Further, judges may form views “on the basis of facts introduced or events occurring in the course of the current proceedings, or of prior proceedings” and those views “do not constitute a basis for a bias or partiality motion unless they display a deep-seated favoritism or antagonism that would make fair judgment impossible.” Liteky v. United States, 510 U.S. 540, 555, 114 S.Ct. 1147, 1157, 127 L.Ed.2d 474 (1994). It can hardly be said that such remarks display “deep-seated favoritism or antagonism.” The Sweeneys' two other arguments get no further.
That Mrs. Sweeney has criticized the judge in public is, of course, her right. But it is not her right, by so doing, to cause the disqualification of the judge. “A party cannot force disqualification by attacking the judge and then claiming that these attacks must have caused the judge to be biased against [her].” 13A Charles Alan Wright, Arthur R. Miller, Edward H. Cooper, Federal Practice and Procedure § 3542 at 577-78. As we have observed, there is “the need to prevent parties from too easily obtaining the disqualification of a judge, thereby potentially manipulating the system for strategic reasons, perhaps to obtain a judge more to their liking.” In re Allied-Signal, Inc., 891 F.2d 967, 970 (1st Cir.1989), cert. denied sub nom ACW Airwall, Inc. v. U.S. District Court for the District of Puerto Rico, 495 U.S. 957, 110 S.Ct. 2561, 109 L.Ed.2d 744 (1990).
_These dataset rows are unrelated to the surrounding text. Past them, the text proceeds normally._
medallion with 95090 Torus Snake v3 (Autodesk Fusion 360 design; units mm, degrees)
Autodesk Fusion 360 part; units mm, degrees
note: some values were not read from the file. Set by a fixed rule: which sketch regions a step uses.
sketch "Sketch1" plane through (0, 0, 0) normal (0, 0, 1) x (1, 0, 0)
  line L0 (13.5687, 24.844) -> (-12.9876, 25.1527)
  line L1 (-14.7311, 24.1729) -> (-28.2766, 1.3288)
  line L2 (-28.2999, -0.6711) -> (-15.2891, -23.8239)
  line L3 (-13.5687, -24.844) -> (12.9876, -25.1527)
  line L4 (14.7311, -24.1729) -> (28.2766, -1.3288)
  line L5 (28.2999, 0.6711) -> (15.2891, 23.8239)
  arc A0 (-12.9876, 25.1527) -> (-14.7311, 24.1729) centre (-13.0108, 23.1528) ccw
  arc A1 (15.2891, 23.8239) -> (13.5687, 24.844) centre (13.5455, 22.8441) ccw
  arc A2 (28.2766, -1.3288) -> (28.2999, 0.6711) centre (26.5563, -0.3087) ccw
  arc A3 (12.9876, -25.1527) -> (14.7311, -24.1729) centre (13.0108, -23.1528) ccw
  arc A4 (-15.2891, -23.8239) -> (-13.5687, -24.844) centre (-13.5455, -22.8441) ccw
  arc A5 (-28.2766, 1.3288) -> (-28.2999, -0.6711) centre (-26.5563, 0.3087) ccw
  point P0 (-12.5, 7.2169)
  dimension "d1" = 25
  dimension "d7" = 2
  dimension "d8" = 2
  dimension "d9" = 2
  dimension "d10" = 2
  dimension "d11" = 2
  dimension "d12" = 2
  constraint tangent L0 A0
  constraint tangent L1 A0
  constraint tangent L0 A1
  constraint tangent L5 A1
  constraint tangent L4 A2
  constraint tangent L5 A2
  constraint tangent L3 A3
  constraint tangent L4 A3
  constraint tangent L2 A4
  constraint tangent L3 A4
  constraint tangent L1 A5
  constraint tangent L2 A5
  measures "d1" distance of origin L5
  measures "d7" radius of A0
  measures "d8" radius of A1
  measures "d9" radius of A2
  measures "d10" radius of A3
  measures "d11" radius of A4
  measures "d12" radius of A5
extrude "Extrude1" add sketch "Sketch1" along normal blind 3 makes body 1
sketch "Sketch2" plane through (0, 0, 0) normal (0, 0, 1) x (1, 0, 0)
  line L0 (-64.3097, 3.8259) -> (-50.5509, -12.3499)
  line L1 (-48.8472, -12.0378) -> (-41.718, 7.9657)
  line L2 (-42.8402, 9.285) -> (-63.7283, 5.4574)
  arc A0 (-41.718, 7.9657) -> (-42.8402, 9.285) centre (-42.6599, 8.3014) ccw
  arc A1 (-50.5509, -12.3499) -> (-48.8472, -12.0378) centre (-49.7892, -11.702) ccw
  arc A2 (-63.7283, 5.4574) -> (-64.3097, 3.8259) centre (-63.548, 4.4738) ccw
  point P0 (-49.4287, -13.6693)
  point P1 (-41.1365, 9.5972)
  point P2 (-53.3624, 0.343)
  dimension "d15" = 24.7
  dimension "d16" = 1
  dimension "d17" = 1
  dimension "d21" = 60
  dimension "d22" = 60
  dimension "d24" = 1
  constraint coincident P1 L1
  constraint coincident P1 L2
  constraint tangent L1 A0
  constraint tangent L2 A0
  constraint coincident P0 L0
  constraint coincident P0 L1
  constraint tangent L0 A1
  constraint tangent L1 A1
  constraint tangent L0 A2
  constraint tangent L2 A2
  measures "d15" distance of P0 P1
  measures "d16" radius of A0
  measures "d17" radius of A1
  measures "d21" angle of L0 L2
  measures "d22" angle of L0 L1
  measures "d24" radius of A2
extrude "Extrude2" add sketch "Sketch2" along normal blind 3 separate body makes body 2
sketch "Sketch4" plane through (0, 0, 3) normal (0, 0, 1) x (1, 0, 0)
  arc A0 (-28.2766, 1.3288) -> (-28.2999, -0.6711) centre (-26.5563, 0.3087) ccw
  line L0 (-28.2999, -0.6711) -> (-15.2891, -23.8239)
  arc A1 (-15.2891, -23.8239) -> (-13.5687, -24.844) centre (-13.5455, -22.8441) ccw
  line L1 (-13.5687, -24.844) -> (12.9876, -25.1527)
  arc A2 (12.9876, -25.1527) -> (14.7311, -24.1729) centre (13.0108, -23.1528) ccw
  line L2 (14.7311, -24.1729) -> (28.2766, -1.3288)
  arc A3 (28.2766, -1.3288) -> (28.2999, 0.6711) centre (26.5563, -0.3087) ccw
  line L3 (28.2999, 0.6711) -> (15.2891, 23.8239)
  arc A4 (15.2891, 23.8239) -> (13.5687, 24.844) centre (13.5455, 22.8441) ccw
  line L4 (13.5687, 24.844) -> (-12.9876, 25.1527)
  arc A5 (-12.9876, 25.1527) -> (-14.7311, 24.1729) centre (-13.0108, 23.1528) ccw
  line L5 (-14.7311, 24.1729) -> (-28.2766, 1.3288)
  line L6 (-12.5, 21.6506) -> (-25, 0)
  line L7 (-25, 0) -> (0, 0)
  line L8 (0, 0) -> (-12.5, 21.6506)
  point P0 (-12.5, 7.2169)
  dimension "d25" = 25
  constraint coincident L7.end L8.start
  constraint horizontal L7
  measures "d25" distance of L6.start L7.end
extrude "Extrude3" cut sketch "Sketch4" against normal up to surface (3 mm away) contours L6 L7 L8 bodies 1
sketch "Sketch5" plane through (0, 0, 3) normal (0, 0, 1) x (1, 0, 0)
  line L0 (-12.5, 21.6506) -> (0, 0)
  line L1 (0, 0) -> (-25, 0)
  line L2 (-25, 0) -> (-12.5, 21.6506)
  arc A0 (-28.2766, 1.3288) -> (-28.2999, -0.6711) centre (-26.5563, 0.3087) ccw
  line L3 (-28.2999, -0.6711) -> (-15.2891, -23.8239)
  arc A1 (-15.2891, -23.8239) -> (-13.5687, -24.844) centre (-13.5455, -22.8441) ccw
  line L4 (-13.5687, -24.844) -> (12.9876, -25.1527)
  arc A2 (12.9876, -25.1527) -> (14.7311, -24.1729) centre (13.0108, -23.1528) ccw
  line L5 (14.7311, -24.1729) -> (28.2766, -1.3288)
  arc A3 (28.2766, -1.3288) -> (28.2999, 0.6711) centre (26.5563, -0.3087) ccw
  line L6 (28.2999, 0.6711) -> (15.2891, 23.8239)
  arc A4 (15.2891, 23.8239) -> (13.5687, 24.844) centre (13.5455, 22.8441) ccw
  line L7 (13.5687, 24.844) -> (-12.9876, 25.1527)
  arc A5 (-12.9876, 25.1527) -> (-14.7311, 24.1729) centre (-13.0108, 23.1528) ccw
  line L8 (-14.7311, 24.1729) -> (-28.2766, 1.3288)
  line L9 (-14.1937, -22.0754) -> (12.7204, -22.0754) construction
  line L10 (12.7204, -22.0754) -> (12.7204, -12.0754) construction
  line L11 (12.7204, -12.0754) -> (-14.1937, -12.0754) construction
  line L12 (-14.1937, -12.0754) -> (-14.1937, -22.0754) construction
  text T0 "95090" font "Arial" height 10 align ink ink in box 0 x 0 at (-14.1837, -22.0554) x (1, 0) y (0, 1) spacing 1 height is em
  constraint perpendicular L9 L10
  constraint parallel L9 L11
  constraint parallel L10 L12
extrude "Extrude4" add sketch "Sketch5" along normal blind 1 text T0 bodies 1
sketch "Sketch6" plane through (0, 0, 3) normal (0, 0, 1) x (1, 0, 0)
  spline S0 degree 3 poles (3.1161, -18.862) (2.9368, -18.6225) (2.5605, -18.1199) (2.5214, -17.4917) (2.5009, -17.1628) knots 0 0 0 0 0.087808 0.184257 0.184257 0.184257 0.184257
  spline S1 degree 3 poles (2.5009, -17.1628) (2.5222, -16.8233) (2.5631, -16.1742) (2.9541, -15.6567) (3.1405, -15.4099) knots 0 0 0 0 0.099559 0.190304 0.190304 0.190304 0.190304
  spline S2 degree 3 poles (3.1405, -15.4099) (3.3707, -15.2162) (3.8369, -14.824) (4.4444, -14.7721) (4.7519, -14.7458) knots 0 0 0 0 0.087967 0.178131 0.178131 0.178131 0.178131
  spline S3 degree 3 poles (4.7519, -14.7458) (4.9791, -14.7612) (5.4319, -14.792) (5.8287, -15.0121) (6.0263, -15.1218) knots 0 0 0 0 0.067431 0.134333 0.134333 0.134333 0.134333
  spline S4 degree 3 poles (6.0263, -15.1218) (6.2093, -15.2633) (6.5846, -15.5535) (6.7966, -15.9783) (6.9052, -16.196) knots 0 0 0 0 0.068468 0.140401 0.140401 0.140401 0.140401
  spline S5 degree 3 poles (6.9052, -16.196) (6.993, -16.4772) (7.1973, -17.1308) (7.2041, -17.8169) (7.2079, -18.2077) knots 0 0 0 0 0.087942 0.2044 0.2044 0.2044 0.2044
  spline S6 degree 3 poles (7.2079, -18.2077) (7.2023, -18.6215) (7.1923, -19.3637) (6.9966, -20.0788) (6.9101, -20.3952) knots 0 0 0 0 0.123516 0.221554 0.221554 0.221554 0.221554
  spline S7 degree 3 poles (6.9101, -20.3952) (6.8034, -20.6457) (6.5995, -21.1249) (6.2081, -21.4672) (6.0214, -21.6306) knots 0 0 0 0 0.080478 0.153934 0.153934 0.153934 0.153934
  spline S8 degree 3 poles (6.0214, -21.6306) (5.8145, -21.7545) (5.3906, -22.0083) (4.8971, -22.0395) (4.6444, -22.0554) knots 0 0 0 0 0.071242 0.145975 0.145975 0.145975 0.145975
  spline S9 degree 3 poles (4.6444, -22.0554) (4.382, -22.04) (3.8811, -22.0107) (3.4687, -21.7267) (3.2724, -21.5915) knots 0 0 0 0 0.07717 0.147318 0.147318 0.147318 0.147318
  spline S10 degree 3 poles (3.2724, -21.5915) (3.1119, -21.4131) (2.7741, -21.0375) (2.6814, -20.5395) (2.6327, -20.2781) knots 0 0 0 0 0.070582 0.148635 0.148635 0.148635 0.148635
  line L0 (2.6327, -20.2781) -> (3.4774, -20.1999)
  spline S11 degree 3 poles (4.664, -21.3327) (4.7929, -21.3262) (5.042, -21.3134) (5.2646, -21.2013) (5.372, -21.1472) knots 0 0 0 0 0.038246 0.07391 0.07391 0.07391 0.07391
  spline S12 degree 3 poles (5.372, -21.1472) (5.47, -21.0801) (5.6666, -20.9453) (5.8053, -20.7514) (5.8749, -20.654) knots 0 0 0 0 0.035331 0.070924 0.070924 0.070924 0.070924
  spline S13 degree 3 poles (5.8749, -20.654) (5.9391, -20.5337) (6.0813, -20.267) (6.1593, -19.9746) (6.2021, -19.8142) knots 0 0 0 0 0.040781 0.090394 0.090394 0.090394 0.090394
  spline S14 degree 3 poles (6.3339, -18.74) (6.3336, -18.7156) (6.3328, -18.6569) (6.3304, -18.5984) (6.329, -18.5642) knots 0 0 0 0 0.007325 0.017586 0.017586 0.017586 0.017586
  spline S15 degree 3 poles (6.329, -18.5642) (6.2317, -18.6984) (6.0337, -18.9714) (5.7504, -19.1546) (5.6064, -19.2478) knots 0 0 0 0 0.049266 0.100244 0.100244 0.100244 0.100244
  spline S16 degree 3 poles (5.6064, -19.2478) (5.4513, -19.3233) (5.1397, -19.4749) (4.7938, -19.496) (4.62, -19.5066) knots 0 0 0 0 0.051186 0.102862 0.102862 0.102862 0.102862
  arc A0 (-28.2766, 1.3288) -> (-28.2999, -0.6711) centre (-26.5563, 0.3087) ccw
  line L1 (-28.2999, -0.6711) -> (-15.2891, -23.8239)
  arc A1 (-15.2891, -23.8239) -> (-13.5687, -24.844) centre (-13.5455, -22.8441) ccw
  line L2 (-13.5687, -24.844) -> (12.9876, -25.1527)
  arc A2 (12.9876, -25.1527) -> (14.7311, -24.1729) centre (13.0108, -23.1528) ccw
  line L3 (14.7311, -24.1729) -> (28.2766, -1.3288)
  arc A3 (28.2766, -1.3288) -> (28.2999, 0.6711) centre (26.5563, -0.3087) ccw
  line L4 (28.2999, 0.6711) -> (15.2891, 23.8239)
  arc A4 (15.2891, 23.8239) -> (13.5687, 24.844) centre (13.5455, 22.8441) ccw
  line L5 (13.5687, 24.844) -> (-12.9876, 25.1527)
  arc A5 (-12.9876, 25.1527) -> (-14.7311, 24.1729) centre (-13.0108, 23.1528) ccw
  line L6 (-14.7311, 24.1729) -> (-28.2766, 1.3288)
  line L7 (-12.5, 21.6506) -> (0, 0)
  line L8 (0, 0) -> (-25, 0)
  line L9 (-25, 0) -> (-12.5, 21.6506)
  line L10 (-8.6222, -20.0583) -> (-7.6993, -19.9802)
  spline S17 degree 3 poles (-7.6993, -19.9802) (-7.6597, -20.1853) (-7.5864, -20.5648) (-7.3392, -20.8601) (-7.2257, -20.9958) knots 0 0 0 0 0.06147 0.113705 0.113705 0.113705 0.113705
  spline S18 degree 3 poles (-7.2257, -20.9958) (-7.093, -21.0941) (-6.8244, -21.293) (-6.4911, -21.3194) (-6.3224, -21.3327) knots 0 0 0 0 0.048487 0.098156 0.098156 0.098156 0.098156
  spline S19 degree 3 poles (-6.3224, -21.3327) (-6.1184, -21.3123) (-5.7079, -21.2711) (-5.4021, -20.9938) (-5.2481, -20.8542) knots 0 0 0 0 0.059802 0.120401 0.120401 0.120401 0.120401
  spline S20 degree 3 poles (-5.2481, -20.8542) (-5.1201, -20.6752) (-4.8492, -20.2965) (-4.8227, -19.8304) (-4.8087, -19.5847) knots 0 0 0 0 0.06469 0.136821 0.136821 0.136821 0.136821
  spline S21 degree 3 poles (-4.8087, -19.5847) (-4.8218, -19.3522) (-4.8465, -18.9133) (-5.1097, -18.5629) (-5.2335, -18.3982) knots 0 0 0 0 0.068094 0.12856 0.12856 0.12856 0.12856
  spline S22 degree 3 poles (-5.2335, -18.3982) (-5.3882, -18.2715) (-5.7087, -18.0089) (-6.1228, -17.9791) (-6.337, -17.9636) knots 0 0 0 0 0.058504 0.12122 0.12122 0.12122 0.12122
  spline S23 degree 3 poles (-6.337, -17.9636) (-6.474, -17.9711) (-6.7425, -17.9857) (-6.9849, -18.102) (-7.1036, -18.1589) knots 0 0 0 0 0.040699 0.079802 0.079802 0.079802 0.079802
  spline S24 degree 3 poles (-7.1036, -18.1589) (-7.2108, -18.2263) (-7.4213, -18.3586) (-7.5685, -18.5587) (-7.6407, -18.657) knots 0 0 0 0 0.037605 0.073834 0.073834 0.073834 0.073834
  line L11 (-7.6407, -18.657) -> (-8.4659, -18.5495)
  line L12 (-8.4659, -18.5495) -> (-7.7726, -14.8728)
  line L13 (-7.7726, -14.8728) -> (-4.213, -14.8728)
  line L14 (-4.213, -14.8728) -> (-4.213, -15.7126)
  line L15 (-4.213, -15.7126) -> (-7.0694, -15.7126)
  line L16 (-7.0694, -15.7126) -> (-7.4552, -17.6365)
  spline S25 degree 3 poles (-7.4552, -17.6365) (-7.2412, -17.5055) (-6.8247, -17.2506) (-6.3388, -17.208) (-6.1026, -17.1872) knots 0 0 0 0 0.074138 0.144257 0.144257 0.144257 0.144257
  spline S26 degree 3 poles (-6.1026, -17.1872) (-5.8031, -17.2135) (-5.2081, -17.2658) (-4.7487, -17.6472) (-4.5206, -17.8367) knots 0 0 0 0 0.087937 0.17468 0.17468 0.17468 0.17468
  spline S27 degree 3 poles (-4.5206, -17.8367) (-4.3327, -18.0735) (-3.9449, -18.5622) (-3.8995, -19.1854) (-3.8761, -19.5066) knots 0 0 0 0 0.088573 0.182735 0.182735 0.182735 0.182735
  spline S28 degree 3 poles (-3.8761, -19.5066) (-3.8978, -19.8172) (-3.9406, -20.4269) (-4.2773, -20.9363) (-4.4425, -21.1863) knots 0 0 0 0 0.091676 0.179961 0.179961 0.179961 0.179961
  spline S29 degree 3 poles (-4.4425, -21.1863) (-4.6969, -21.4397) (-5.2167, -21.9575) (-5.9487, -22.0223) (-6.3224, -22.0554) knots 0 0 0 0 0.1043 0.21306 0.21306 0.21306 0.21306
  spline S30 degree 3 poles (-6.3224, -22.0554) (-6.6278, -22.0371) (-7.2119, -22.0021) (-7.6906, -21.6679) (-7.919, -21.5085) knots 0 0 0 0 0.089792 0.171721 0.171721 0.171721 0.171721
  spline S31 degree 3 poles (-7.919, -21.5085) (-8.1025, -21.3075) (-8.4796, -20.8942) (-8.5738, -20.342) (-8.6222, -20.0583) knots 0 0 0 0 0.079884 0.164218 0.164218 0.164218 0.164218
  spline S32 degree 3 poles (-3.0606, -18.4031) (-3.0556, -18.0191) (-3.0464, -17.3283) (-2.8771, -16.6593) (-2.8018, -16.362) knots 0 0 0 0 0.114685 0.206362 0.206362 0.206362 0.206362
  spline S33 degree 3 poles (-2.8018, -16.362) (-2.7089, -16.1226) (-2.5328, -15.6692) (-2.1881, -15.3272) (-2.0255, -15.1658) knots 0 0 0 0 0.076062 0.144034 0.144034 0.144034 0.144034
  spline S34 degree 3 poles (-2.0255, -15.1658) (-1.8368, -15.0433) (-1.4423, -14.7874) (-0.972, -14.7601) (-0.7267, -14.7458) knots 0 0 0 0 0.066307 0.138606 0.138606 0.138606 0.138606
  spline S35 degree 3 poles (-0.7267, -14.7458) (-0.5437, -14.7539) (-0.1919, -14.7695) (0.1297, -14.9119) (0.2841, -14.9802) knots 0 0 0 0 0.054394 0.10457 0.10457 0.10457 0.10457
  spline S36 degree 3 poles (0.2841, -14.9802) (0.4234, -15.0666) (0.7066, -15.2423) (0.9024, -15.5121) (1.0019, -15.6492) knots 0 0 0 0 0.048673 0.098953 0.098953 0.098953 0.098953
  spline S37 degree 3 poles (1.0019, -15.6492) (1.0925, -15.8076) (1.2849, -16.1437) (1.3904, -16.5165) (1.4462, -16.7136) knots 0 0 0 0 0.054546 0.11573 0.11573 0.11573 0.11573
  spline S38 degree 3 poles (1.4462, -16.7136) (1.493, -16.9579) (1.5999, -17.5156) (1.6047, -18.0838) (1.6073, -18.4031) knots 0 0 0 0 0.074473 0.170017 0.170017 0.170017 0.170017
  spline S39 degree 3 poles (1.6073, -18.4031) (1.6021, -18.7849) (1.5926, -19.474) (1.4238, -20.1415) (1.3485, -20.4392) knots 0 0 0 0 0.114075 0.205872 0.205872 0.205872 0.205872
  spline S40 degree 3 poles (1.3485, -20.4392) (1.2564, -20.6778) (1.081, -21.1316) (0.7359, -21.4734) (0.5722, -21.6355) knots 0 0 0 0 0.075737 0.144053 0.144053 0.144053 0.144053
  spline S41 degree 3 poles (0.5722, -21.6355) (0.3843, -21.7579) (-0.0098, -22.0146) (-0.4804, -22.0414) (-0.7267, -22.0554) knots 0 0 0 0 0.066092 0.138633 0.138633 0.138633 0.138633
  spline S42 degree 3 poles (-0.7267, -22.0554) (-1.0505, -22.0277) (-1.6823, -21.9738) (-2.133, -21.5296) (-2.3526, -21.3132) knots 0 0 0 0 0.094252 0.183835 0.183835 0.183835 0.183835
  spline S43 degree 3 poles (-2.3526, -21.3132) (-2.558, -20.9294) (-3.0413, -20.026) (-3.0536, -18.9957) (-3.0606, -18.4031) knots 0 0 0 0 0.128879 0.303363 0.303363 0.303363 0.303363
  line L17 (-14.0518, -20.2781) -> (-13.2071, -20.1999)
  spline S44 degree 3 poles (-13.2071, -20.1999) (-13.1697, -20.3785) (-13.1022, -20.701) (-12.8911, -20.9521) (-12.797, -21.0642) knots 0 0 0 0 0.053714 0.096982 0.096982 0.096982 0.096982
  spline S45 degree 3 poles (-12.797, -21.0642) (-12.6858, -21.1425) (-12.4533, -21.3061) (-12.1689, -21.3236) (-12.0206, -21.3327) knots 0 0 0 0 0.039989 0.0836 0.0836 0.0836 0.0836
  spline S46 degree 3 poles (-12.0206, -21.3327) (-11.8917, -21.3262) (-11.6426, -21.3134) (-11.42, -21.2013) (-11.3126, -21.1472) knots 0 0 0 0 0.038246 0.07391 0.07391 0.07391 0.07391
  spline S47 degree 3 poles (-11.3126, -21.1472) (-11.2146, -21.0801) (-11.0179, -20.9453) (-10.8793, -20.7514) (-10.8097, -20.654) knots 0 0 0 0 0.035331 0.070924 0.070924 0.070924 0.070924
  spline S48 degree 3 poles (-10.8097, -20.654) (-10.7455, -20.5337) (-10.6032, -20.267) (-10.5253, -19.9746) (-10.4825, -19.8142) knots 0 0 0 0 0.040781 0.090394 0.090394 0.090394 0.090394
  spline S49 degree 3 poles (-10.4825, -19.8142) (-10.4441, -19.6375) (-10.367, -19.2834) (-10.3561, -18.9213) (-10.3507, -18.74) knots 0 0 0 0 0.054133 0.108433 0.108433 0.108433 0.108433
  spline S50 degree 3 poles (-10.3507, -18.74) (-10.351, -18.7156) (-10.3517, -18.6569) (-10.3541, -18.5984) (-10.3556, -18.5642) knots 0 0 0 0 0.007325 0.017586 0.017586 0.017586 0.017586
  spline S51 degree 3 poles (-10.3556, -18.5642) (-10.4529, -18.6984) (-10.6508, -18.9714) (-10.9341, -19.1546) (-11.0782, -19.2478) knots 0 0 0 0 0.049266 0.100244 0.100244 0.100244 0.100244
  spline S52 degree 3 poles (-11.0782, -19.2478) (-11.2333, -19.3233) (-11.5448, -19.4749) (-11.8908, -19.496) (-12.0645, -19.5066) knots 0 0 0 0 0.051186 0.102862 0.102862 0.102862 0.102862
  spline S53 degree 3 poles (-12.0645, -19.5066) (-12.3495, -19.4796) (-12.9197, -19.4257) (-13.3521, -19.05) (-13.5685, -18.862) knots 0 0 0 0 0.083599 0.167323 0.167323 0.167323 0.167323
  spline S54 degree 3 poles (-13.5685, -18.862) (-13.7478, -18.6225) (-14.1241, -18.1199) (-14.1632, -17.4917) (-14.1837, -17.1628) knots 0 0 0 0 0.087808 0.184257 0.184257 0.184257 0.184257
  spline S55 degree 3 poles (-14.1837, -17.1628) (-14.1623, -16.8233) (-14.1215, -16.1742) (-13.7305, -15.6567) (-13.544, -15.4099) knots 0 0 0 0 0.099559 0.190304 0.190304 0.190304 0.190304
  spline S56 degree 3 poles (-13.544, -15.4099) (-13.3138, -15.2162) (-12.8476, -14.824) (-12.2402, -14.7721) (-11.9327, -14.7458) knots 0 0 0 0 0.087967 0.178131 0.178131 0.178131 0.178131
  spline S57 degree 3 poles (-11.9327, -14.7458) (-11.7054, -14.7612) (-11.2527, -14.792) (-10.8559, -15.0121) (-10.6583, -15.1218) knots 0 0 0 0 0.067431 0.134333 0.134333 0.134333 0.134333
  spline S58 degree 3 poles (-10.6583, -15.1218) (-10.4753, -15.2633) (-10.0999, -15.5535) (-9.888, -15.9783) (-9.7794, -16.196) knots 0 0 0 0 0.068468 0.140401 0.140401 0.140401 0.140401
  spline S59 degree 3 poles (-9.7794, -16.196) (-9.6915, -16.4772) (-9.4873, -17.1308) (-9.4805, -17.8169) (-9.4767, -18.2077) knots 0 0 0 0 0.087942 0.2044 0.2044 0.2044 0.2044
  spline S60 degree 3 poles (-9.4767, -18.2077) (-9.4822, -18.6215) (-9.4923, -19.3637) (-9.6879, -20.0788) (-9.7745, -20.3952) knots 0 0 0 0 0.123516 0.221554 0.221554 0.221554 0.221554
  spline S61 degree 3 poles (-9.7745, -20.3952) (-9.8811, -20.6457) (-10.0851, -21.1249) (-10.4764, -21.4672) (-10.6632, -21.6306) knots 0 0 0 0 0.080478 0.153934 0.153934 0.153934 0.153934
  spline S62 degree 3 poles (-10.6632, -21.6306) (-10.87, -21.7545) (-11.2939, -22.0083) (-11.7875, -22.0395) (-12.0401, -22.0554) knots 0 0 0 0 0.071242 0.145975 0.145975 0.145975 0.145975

The Sweeneys' final argument is based on Mrs. Sweeney's assertion that she has engaged in public criticism of a Boston lawyer and that lawyer's father testified at the Judge's Senate confirmation hearing on December 9, 1987. That is too far afield to raise any objective doubt as to the judge's impartiality. Thus, the district court did not abuse its discretion in denying the motion for recusal.
It has been almost eight years since the jury found that the Sweeneys owed the $2 million, four years since this court affirmed that judgment, and three years since the foreclosure. Despite that, the Sweeneys have not vacated but have enjoyed the use of the property since then. We have no doubt that even if this action had been in state court rather than federal court the outcome would be the same: the FDIC is entitled to possession of the property.
The judgment is affirmed.
1. The complicated prior litigation history between the parties is outlined in our prior opinion. It suffices to say that the Sweeneys had a full chance to present their arguments that the case should not have been removed to federal court, that they did not owe the $2 million, and that they were entitled to damages based on allegedly unfair and deceptive trade practices by the bank. The Sweeneys lost on all of those claims and those matters are settled. Id.
2. Federal agencies have certainly sought and procured evictions in federal court. See, e.g., United States v. Young, 806 F.2d 805 (8th Cir.1986), cert. denied, 484 U.S. 836, 108 S.Ct. 117, 98 L.Ed.2d 76 (1987); Pugh v. Farmers Home Admin., 846 F.Supp. 60, 61 (M.D.Fla.1994), aff'd, 74 F.3d 1251 (11th Cir.1995). The case the Sweeneys cite, Glen 6 Assoc., Inc. v. Dedaj, 770 F.Supp. 225, 227-28 (S.D.N.Y.1991), is simply not relevant because it did not involve the FDIC as a party.
3. In the remarks highlighted by the Sweeneys, the judge commented that he hated to see a family caught up in something which could become a destructive obsession and suggested that plaintiffs attempt to look forward to new projects.